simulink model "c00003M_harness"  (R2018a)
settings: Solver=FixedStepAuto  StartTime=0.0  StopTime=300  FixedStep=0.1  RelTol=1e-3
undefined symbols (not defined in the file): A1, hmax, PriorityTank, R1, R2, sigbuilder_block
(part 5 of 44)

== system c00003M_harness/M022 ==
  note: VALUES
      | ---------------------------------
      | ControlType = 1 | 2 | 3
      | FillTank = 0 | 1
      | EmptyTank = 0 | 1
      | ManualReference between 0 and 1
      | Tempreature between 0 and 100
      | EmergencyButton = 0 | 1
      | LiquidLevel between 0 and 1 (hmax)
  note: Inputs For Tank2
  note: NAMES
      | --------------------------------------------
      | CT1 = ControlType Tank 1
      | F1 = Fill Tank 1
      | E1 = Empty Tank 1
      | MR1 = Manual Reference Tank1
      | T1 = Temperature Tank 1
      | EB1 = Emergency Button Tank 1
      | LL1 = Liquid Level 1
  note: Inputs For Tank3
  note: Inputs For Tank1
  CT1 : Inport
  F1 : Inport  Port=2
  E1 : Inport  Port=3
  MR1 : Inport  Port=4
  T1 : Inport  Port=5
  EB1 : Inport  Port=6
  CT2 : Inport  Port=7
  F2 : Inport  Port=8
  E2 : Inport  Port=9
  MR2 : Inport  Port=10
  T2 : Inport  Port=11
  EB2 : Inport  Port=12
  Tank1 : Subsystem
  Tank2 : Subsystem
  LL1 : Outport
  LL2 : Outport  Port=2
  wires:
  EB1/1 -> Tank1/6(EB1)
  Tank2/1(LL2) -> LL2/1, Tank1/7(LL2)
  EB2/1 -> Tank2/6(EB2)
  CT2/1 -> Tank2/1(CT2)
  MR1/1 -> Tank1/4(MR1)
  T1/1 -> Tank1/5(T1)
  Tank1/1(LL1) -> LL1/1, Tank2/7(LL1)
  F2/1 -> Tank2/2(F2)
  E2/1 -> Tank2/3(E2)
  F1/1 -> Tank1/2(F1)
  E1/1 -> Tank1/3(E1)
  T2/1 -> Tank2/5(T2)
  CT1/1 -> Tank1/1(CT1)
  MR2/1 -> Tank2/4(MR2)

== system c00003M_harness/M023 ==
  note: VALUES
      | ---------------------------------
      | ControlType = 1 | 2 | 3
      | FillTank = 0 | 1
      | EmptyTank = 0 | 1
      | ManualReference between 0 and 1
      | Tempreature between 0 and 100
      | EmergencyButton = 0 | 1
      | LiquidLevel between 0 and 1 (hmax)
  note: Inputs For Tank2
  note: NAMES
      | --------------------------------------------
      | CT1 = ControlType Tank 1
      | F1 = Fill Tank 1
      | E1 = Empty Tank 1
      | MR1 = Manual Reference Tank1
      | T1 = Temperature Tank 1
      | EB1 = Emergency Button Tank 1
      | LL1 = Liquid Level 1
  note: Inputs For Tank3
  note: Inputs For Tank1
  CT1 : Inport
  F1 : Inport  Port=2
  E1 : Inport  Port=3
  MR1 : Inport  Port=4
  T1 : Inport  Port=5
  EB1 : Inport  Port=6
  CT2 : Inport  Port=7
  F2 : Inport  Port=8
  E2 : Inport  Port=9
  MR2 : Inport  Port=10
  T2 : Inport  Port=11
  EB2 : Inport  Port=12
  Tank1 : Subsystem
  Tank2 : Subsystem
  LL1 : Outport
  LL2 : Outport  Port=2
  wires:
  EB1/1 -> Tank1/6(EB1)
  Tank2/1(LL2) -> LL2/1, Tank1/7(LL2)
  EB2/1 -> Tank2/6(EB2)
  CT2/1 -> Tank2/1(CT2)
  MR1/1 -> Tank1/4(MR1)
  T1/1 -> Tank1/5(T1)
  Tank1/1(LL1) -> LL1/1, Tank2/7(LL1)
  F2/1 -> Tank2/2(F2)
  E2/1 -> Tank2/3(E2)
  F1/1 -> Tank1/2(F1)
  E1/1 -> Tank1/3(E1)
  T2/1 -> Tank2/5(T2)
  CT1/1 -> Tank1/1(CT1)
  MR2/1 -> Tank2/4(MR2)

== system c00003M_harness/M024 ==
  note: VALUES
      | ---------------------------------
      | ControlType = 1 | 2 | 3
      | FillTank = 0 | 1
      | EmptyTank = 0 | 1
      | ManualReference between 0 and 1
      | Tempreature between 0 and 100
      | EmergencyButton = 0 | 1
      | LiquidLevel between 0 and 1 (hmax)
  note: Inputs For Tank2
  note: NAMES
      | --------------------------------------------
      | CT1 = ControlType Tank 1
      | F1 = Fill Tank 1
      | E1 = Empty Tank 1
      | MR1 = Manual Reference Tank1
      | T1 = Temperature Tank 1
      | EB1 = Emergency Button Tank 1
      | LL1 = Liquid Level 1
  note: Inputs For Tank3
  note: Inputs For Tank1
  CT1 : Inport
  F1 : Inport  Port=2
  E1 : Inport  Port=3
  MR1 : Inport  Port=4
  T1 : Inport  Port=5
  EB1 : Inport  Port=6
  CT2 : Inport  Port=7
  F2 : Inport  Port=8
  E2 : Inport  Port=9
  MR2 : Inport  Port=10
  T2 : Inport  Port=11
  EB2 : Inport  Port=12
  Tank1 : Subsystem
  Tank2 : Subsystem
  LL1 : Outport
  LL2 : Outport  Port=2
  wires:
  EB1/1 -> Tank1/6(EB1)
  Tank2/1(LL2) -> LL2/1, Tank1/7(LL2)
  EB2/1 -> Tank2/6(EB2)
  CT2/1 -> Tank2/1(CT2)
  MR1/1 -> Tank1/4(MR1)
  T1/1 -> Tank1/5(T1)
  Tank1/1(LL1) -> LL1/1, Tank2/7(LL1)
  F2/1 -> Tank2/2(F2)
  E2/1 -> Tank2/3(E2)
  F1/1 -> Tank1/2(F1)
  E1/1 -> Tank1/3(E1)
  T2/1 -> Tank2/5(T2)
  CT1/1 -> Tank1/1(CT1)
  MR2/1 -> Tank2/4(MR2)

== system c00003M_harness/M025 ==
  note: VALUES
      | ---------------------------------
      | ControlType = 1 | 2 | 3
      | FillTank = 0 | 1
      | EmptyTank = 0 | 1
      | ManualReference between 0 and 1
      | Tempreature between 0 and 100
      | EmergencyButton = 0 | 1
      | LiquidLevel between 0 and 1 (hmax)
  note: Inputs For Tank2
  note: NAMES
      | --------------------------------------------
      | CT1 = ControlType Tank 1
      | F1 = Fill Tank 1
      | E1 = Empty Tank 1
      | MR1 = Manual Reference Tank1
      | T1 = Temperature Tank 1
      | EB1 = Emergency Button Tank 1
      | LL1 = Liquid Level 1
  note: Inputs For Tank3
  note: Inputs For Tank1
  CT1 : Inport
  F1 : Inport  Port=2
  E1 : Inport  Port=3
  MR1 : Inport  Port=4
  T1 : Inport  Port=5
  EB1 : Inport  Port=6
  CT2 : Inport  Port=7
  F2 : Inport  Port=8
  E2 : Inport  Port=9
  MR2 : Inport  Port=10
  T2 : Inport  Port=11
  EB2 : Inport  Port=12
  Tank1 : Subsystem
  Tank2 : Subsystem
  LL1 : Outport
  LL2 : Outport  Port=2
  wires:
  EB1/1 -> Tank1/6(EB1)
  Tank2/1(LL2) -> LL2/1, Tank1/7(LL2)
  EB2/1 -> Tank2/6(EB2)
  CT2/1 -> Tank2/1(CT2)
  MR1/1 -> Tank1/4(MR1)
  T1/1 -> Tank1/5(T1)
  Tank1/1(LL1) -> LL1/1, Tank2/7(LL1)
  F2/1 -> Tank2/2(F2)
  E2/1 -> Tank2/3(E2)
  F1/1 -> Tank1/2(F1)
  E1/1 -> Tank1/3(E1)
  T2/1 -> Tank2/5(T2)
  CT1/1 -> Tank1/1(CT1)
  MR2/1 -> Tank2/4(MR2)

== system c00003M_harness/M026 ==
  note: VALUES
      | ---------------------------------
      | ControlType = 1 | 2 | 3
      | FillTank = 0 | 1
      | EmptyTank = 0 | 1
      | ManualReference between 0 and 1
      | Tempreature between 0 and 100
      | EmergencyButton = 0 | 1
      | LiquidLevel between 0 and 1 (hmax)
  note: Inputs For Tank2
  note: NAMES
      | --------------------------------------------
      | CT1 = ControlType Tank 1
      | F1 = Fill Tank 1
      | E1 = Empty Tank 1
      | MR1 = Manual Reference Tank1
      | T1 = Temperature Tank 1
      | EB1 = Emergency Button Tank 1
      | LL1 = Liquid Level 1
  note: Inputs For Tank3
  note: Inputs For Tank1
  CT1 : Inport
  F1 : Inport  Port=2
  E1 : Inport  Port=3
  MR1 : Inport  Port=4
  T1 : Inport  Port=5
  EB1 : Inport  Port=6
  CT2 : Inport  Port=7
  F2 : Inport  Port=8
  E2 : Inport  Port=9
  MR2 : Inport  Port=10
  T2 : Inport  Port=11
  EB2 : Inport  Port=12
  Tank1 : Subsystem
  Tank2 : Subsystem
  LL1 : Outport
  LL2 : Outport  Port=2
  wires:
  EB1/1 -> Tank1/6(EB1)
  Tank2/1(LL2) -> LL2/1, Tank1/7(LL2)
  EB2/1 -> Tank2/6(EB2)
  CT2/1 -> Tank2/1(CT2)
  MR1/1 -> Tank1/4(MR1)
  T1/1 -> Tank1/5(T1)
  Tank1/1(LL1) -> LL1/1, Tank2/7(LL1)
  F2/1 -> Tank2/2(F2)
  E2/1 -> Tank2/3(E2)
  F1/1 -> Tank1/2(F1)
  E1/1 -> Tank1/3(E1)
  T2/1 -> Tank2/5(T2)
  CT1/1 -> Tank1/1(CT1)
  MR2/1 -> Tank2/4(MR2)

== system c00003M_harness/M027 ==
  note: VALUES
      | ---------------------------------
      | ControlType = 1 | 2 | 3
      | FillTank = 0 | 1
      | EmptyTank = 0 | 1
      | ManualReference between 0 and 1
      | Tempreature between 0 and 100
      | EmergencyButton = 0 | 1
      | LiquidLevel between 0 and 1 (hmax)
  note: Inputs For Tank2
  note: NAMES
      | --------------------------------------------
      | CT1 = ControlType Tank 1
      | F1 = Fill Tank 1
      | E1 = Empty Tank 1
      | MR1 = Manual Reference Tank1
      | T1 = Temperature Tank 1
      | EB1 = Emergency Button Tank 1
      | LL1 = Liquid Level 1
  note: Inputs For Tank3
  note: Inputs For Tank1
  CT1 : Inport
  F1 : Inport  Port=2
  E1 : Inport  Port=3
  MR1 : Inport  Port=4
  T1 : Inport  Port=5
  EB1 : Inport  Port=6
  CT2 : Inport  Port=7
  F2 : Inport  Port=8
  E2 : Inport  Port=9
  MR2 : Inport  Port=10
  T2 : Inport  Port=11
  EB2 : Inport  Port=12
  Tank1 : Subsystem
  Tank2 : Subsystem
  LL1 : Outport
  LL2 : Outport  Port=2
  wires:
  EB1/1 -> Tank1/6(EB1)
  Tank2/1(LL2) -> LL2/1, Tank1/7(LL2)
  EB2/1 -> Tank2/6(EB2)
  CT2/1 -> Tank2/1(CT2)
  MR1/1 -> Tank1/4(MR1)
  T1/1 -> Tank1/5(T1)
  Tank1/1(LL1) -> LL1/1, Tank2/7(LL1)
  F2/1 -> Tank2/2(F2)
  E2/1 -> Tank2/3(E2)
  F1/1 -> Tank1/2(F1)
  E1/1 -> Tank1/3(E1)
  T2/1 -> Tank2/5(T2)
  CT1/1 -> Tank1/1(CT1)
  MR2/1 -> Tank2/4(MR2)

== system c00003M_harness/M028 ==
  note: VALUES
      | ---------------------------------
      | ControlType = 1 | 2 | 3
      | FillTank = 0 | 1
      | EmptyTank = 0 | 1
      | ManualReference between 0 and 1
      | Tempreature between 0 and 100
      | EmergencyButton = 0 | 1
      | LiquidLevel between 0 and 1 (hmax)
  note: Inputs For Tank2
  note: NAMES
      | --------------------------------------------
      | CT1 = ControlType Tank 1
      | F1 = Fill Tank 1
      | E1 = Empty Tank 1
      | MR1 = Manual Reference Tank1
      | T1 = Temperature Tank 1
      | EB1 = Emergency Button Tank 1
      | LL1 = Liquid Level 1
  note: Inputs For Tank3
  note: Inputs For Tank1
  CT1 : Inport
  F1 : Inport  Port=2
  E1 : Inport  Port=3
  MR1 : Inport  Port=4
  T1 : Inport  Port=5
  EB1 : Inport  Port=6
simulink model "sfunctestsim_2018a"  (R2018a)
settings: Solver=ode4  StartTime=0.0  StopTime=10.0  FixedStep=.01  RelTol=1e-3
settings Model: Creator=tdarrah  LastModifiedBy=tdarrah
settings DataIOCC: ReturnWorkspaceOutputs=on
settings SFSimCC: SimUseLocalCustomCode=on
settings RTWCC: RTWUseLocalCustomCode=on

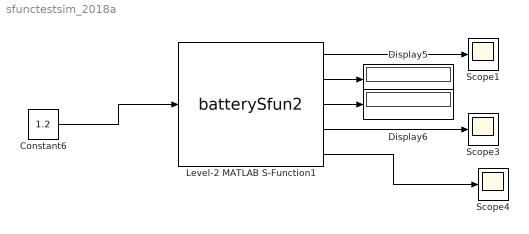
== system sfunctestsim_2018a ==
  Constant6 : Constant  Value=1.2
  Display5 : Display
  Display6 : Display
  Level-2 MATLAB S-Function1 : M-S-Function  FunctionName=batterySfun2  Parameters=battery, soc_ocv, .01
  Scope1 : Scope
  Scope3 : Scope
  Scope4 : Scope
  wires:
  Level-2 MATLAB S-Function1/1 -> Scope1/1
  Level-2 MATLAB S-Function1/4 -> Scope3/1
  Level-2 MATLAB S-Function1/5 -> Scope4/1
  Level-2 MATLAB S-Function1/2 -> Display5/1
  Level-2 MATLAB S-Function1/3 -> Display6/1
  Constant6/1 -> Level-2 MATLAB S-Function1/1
◇ ◇ ◇ ◇
Copy each line of the listing that contains "RelTol".

--- RESULT OF THIS TASK ---
settings: Solver=FixedStepAuto  StartTime=0.0  StopTime=300  FixedStep=0.1  RelTol=1e-3
settings: Solver=ode4  StartTime=0.0  StopTime=10.0  FixedStep=.01  RelTol=1e-3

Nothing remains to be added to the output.